In one embodiment, a fouling boundary threshold can be established,
such that when the heat exchanger becomes fouled at or beyond the
threshold, the blower assembly 32 is activated (automatically or
manually). Airflow sensors 43 (optional) can be used to sense
airflow conditions, and provide that information to the controller
42. FIG. 8 is a graph illustrating an example fouling boundary 300,
shown as a function of fan revolutions per minute (RPM). The graph
in FIG. 8 plots total air flow Q (in cubic meters per second) vs.
RPM of the fan 38. It has been discovered that fouling of the heat
exchanger 36 can be assessed on the basis of a substantially linear
threshold 300, representing approximately 25% blockage or
approximately 6.8% or greater reduction in flow rate through the
heat exchanger 36 as compared to a clean exchanger 36. As shown in
FIG. 8, the threshold 300 crosses the origin, with Q=1.31 at 700
RPM and Q=1.98 at 1000 RPM. The blower assembly 32 can be activated
whenever airflow is at or below the threshold 300. Establishing a
relatively low fouling boundary threshold can allow cleaning to be
performed relatively frequently with the fluid 66 ejected toward
the heat exchanger 36 at relatively low pressures, whereby
providing suitable cleaning while reducing a risk of damage (e.g.,
bending) to the fins 136.
FIGS. 9 and 10 are graphs illustrating blow-out force of the fluid
66 for different embodiments of the heat exchanger blower assembly
32, plotted as force (lbf) vs. position in niches from the
proximate end of the wand 54. FIG. 9 illustrates force exerted by
the fluid 66 at the outlet orifices 222 for a wand 54 with 1/4 inch
(0.25 inch) inner diameter for three, five and nine orifices 222 of
1/8 inch (0.125 inch) diameter each, with the fluid supplied from
the accumulator 48 at approximately 110 psi. FIG. 10 illustrates
force exerted by the fluid 66 at the outlet orifices 222 for a wand
54 with 1/4 inch inner diameter for five and nine orifices 222 of
1/16 inch (0.0625 inch) diameter each, with the fluid supplied from
the accumulator 48 at approximately 110 psi. A pressure range of
40-120 psi for fluid 66 supplied by the accumulator 48 can be used.
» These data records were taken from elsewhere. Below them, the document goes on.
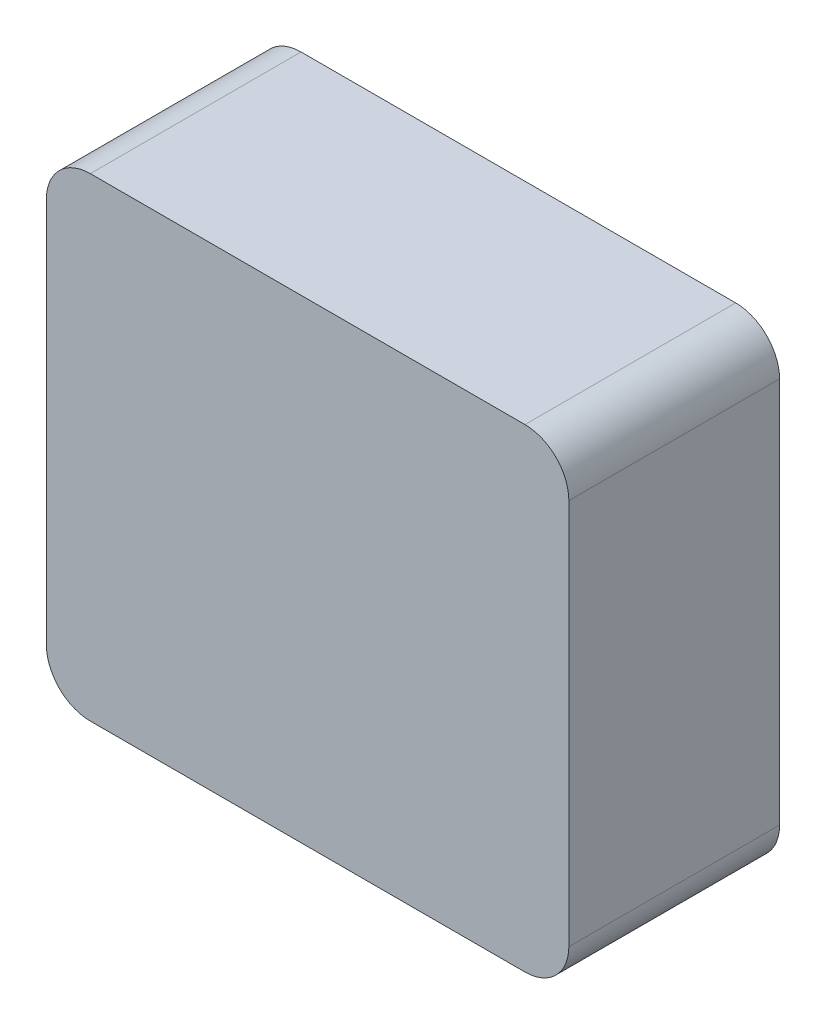
SolidWorks part; units mm, degrees
ref_plane "前视基准面" through (0, 0, 0) normal (0, 0, 1) x (1, 0, 0)
ref_plane "上视基准面" through (0, 0, 0) normal (0, 1, 0) x (1, 0, 0)
ref_plane "右视基准面" through (0, 0, 0) normal (1, 0, 0) x (0, 0, -1)
sketch "草图1" plane through (0, 0, 0) normal (0, 0, 1) x (1, 0, 0)
  line L1 (0, 0) -> (-238, 0)
  line L2 (0, 0) -> (0, -216)
  line L3 (0, -216) -> (-238, -216)
  line L4 (-238, 0) -> (-238, -216)
extrude "凸台-拉伸1" add sketch "草图1" along normal blind 96
fillet "圆角1" radius 20 4 edges at (-238, -216, 48) (-238, 0, 48) (0, -216, 48) (0, 0, 48)
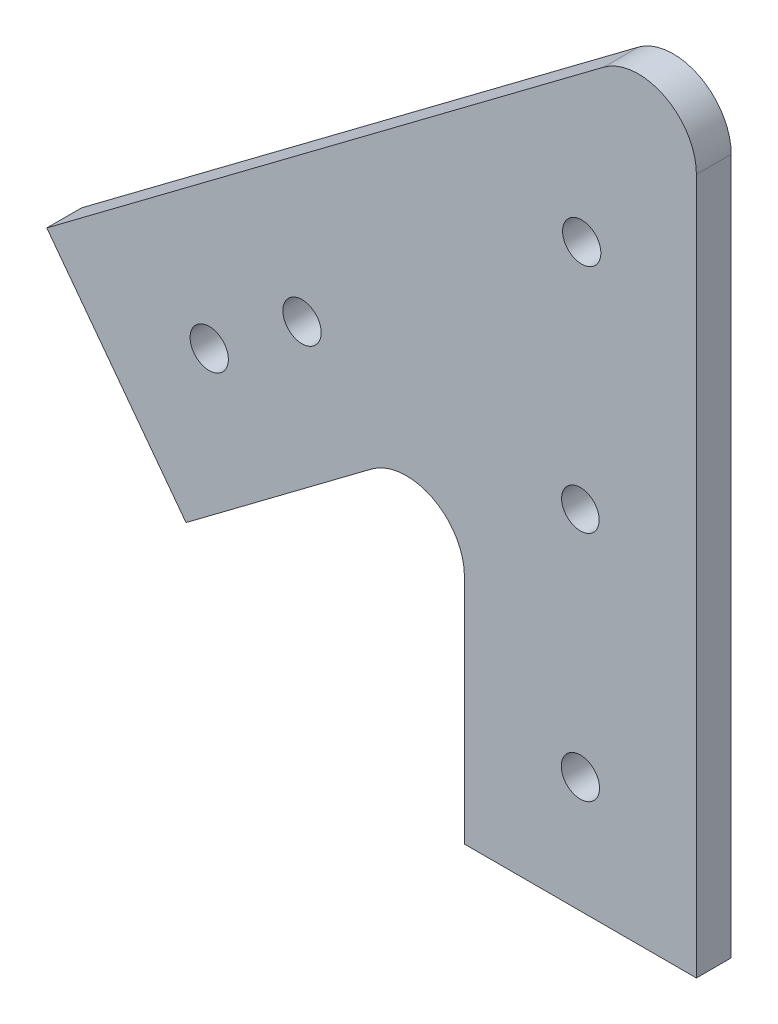
SolidWorks part; units mm, degrees
ref_plane "前视基准面" through (0, 0, 0) normal (0, 0, 1) x (1, 0, 0)
ref_plane "上视基准面" through (0, 0, 0) normal (0, 1, 0) x (1, 0, 0)
ref_plane "右视基准面" through (0, 0, 0) normal (1, 0, 0) x (0, 0, -1)
other "Configuration Table"
sketch "草图1" plane through (0, 0, 0) normal (0, 0, 1) x (1, 0, 0)
  line L0 (-28.3859, -7.359) -> (-16.3859, -23.359)
  line L1 (-16.3859, -23.359) -> (7.6141, -5.359)
  line L2 (27.6109, -35.3583) -> (27.6113, 34.6389)
  line L3 (7.6111, -5.3613) -> (7.6109, -35.3583)
  line L4 (7.6141, -5.359) -> (7.6109, -35.3583)
  line L5 (7.6109, -35.3583) -> (27.6109, -35.3583)
  line L6 (-28.3859, -7.359) -> (-4.3859, 10.641)
  line L7 (-4.3859, 10.641) -> (27.6113, 34.6389)
  line L8 (7.6109, -35.3583) -> (27.6109, -35.3583)
  line L9 (-14.3859, -9.359) -> (17.7248, 14.6417) construction
  line L10 (17.7248, 14.6417) -> (17.611, -25.3583) construction
  circle A0 centre (-14.3859, -9.359) radius 1.65
  circle A1 centre (-6.3859, -3.359) radius 1.65
  circle A2 centre (17.611, -25.3583) radius 1.65
  circle A3 centre (17.611, -5.3583) radius 1.6203
  circle A4 centre (17.7248, 14.6417) radius 1.65
  dimension "D1" = 3.3
  dimension "D4" = 3.3
  dimension "D2" = 10
  dimension "D3" = 20
  dimension "D5" = 20
  dimension "D6" = 10
extrude "凸台-拉伸1" add sketch "草图1" along normal blind 3 contours L7 L6 L0 L1 L4 L5 L2 A4 A3 A2 A1 A0
fillet "圆角1" radius 5 2 edges at (27.6113, 34.6389, 1.5) (7.6141, -5.359, 1.5)

Because operation of the blower assembly 32 tends to reduce
available pressure in the accumulator 48, a threshold of 10 psi, or
alternatively 5-7 psi, can be established for a maximum allowable
pressure drop in the accumulator 48. Using a plurality of
relatively short blasts of the blower assembly 32 of no more than a
few seconds can allow suitable pressure to be maintained in the
accumulator 48.
In one embodiment, providing the fluid 66 at 40 psi is suitable for
clearing the heat exchanger 36 at approximately 25% fouling, 60 psi
for clearing the heat exchanger 36 at approximately 50% fouling,
and 120 psi for clearing the heat exchanger 36 at approximately
100% fouling. Initiating cleaning at relatively low pressures at no
more than 25% fouling may maintain adequate levels of cleanliness
to avoid the need for blasts of the fluid 66 at higher pressures
that may risk damage to the fins 136. For the embodiment shown in
FIG. 10 with 1/16 inch diameter orifices 222, the average force of
the jets of the fluid 66 were 0.126 lbf with a 0.001 lbf standard
deviation. In further embodiments, the fluid 66 can be ejected from
each of the orifices 22 with at least 0.25 lbf or 0.29 lbf +/-0.03
lbf. In still further embodiments, the fluid 66 can be ejected from
each of the orifices 22 with 1.6 +/-0.5 lbf. Pressure of jets of
the fluid 66 can vary at each of the orifices 222, and pressure can
be provided to the wand 54 as a function of pressure at any one or
more of the total number of orifices 222. In various embodiments,
pressure of the supplied fluid 66 can be at any desired pressure
(e.g., 0.025 to 0.300 lbf, subsets of that range of forces, or
other ranges whether overlapping or not), though it has been
discovered that high pressures present a risk of damage to the heat
exchanger by bending the fins 136.
It is also possible to characterize fluid flow in terms of velocity
of the jets of the fluid 6 leaving the orifices 222. In one
embodiment, velocity of the fluid 66 can be in the range of
approximately 564 to 1867 ft/s. Velocity can vary for each of the
orifices 222, and other velocity values and ranges are possible in
further embodiments.
In still further embodiments, a blower assembly 32 can include one
or more thrusters to move a wand 54C. FIG. 11 is a perspective view
of the heat exchanger 36 and an embodiment of the blower assembly
32, and FIG. 12 is a cross-sectional view of the wand 54C, taken
along line 12-12 of FIG. 11. As shown in FIGS. 11 and 12, a spring
400 is attached to the wand 54C to urge or bias the wand 54C toward
a resting position. As shown in FIG. 12, the wand includes one or
more additional thruster orifices 422 that can eject the fluid 66
from the wand 54C to generate a motive force to help propel the
wand 54C across the rear face 36R of the heat exchanger 36 during
operation. When fluid flow ceases, such as through actuation of the
valve(s) 50, the spring 400 can bias the wand 54C back to a resting
position. The thruster orifices 422 and the spring 400 can be
oriented to provide forces in generally opposite directions. In the
illustrated embodiment, a movement mechanism 54 is also provided to
cooperate and act in concert with the thruster orifices 422 to
selectively produce movement of the wand 54C, but the movement
mechanism 54 can be omitted in alternate embodiments. The thruster
orifices 422 can have a different orientation than the orifices 22
that direct a cleaning jet at the heat exchanger 36, such as at
approximately 90.degree. to the orifices 222. In further
embodiments, other orientations of the thruster orifices 422 are
possible, which will generally depend on the orientation of the
orifices 222, though maximum thrust will generally be obtained when
the thruster orifices 422 are positioned at approximately 0.degree.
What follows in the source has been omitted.